▼

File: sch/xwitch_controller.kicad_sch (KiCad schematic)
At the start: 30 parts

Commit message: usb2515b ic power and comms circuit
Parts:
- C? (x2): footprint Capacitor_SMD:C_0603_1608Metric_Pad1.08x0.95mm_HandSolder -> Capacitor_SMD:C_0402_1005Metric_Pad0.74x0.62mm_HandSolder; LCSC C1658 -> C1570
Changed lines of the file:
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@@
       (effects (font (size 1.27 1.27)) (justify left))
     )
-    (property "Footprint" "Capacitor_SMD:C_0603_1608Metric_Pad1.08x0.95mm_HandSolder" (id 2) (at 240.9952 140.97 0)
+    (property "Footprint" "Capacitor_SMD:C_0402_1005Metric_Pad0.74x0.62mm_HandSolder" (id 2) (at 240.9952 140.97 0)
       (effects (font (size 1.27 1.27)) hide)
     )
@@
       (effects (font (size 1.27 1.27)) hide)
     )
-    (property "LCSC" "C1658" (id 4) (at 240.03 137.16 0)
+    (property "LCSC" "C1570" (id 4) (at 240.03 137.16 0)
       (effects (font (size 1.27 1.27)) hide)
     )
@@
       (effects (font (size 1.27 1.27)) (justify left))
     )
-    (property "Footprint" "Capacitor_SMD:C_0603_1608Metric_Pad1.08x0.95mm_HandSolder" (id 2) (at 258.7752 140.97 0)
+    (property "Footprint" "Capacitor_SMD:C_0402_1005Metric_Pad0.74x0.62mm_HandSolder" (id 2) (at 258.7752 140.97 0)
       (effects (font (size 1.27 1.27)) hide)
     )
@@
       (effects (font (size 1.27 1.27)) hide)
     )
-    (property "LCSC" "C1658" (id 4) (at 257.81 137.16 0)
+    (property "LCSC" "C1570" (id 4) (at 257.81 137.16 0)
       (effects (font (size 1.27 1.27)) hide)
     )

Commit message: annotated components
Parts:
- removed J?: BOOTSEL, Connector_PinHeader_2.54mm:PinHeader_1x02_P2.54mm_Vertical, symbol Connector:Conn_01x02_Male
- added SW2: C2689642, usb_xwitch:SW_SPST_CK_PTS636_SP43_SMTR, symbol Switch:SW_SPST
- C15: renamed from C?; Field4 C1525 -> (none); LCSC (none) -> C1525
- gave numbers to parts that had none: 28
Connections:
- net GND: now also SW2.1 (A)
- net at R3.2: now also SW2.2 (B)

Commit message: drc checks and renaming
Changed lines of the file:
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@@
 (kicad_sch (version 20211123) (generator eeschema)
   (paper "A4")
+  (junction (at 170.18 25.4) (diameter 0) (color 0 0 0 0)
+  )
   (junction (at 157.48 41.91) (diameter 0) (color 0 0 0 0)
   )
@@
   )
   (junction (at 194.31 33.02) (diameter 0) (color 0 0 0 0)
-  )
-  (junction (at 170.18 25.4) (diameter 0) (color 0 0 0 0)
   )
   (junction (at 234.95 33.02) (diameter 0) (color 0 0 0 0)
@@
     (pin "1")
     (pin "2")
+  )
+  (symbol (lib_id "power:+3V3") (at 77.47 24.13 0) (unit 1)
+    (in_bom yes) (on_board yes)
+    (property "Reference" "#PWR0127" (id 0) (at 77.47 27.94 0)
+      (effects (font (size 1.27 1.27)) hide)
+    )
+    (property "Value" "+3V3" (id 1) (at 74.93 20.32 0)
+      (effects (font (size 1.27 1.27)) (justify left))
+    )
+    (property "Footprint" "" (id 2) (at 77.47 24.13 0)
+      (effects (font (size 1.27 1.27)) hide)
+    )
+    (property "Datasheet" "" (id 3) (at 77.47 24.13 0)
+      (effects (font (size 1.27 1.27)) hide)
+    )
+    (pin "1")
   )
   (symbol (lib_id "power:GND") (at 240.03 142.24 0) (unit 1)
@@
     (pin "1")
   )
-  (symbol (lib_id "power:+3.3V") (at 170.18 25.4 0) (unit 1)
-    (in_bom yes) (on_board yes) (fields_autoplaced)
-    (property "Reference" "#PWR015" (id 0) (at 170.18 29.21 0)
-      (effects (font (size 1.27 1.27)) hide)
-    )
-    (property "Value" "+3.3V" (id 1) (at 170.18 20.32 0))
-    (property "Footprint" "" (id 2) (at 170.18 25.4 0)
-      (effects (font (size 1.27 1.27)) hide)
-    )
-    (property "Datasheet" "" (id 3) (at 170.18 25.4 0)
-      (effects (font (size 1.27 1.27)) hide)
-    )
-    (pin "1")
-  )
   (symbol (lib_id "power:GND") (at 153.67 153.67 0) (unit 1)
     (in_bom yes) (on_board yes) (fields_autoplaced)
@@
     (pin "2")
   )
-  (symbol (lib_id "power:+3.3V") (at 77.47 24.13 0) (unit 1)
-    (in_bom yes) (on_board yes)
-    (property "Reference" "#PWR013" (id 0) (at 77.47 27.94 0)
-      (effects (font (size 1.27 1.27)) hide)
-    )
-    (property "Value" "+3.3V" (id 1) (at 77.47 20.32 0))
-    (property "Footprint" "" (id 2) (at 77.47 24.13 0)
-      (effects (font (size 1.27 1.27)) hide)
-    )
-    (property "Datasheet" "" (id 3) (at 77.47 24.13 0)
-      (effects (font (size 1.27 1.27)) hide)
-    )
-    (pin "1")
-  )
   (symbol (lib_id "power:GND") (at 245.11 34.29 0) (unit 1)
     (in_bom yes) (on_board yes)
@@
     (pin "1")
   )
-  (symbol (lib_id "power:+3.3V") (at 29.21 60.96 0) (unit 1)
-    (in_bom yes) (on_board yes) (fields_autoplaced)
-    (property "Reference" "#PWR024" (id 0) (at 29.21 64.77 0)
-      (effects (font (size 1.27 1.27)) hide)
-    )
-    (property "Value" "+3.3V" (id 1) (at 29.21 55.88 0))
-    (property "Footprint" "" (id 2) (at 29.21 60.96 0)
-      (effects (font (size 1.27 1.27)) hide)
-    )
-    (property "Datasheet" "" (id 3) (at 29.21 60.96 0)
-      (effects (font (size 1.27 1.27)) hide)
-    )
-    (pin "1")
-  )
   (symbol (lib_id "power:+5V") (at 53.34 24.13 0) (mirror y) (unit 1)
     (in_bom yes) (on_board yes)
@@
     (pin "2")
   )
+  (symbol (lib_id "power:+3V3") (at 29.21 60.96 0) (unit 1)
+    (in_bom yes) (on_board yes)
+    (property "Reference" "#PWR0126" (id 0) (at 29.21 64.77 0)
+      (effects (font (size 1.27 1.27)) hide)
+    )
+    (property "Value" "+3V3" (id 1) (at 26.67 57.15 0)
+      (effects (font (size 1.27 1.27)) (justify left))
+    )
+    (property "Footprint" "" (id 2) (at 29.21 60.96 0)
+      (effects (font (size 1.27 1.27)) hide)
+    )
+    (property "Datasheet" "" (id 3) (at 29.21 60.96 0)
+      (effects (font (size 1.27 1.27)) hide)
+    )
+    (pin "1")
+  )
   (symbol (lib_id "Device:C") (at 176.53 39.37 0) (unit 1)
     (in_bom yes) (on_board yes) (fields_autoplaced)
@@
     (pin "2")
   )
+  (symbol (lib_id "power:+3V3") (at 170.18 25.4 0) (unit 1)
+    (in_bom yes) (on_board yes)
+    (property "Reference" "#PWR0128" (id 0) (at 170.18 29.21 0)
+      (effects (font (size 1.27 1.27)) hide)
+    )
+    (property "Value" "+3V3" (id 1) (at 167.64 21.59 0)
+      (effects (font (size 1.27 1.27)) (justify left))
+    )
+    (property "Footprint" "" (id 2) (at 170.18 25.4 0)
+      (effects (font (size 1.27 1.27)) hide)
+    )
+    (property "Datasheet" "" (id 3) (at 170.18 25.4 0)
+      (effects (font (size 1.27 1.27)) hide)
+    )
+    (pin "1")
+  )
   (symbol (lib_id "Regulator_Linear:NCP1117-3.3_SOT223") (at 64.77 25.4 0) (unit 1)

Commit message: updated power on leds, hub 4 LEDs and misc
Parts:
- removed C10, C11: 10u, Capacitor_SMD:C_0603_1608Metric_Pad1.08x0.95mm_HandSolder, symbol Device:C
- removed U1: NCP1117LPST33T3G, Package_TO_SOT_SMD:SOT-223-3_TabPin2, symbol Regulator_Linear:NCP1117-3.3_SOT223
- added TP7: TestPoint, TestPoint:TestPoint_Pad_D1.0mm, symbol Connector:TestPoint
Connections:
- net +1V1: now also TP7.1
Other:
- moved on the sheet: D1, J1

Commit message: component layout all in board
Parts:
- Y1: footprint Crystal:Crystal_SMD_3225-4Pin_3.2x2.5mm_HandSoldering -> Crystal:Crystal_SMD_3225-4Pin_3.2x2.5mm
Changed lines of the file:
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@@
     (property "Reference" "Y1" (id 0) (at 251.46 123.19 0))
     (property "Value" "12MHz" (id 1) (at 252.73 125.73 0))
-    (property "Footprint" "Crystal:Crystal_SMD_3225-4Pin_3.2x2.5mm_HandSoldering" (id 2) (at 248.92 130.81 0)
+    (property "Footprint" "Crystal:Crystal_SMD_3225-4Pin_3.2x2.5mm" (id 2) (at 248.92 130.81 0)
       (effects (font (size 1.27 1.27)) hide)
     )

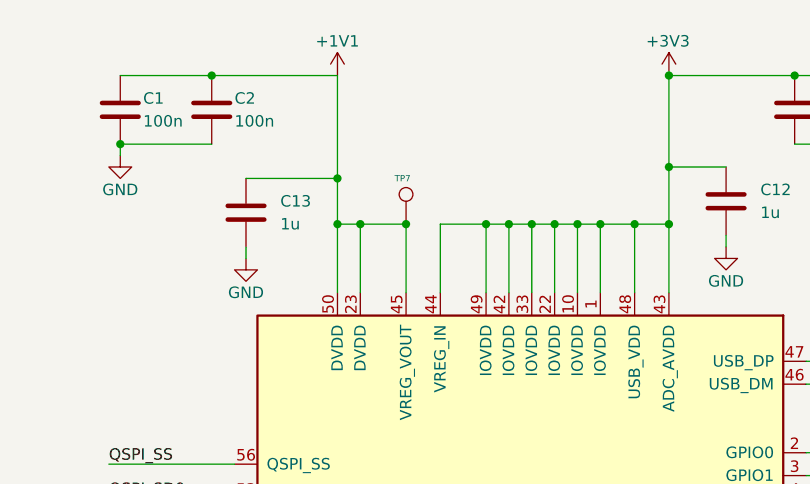
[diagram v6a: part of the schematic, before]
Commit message: rp2040 routing added
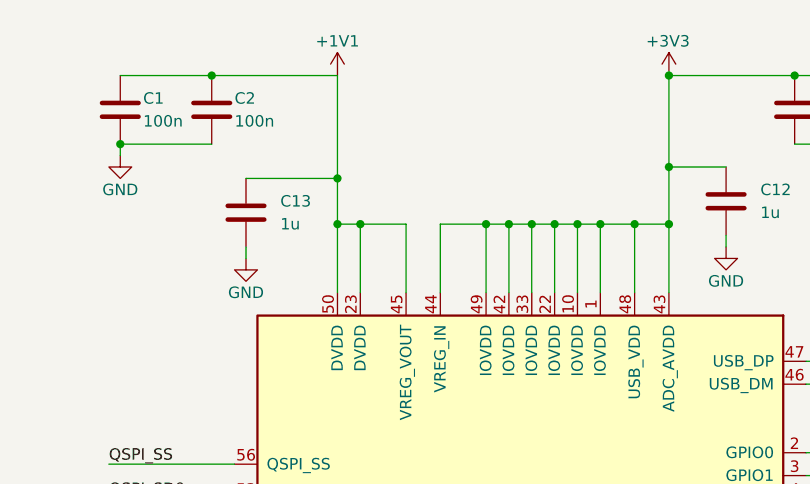
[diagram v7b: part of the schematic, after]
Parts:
- removed TP7: TestPoint, TestPoint:TestPoint_Pad_D1.0mm, symbol Connector:TestPoint
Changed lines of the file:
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@@
   (junction (at 194.31 25.4) (diameter 0) (color 0 0 0 0)
-  )
-  (junction (at 140.97 41.91) (diameter 0) (color 0 0 0 0)
   )
   (junction (at 209.55 130.81) (diameter 0) (color 0 0 0 0)
@@
       (effects (font (size 1.27 1.27)) hide)
     )
-    (pin "1")
-  )
-  (symbol (lib_id "Connector:TestPoint") (at 140.97 41.91 0) (unit 1)
-    (in_bom yes) (on_board yes)
-    (property "Reference" "TP7" (id 0) (at 139.7 36.83 0)
-      (effects (font (size 0.7 0.7)) (justify left))
-    )
-    (property "Value" "TestPoint" (id 1) (at 143.51 39.8779 0)
-      (effects (font (size 1.27 1.27)) (justify left) hide)
-    )
-    (property "Footprint" "TestPoint:TestPoint_Pad_D1.0mm" (id 2) (at 146.05 41.91 0)
-      (effects (font (size 1.27 1.27)) hide)
-    )
-    (property "Datasheet" "~" (id 3) (at 146.05 41.91 0)
-      (effects (font (size 1.27 1.27)) hide)
-    )

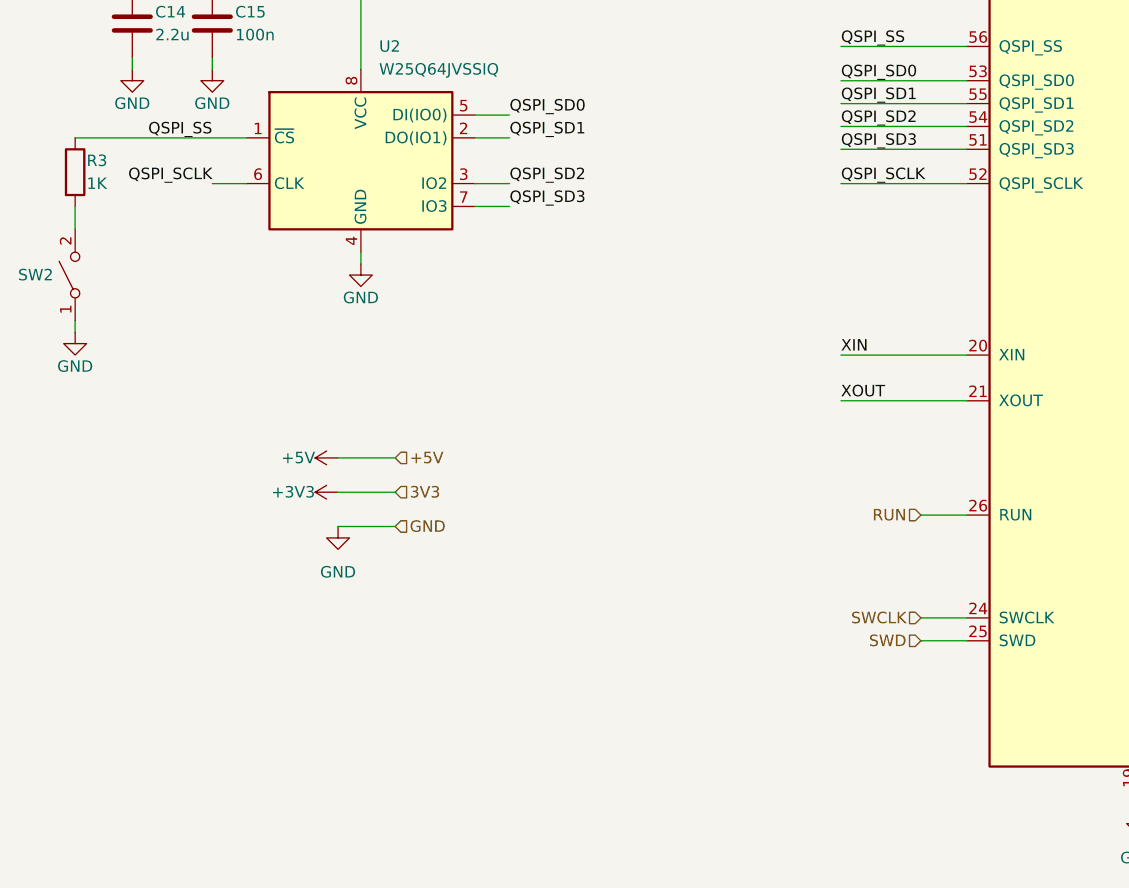
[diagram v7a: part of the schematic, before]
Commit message: added more DNF components for easy debugging
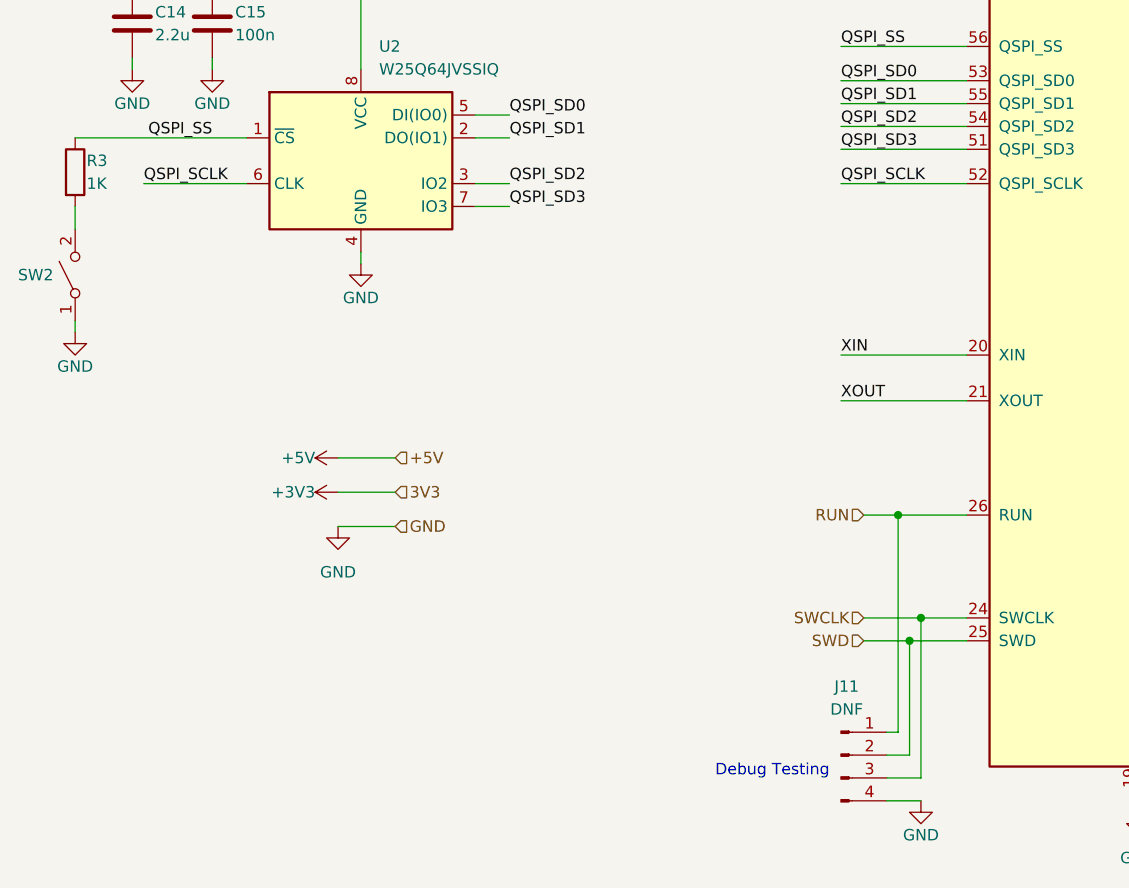
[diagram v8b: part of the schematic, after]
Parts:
- added J11: DNF, Connector_PinHeader_1.00mm:PinHeader_1x04_P1.00mm_Vertical_SMD_Pin1Left, symbol Connector:Conn_01x04_Male
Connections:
- net GND: now also J11.4 (Pin_4)
- net RUN: now also J11.1 (Pin_1)
- net SWCLK: now also J11.3 (Pin_3)
- net SWD: now also J11.2 (Pin_2)
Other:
- note added: "Debug Testing"

▲

Filter the preceding entries down to the lines with "LCSC".

- C? (x2): footprint Capacitor_SMD:C_0603_1608Metric_Pad1.08x0.95mm_HandSolder -> Capacitor_SMD:C_0402_1005Metric_Pad0.74x0.62mm_HandSolder; LCSC C1658 -> C1570
-    (property "LCSC" "C1658" (id 4) (at 240.03 137.16 0)
+    (property "LCSC" "C1570" (id 4) (at 240.03 137.16 0)
-    (property "LCSC" "C1658" (id 4) (at 257.81 137.16 0)
+    (property "LCSC" "C1570" (id 4) (at 257.81 137.16 0)
- C15: renamed from C?; Field4 C1525 -> (none); LCSC (none) -> C1525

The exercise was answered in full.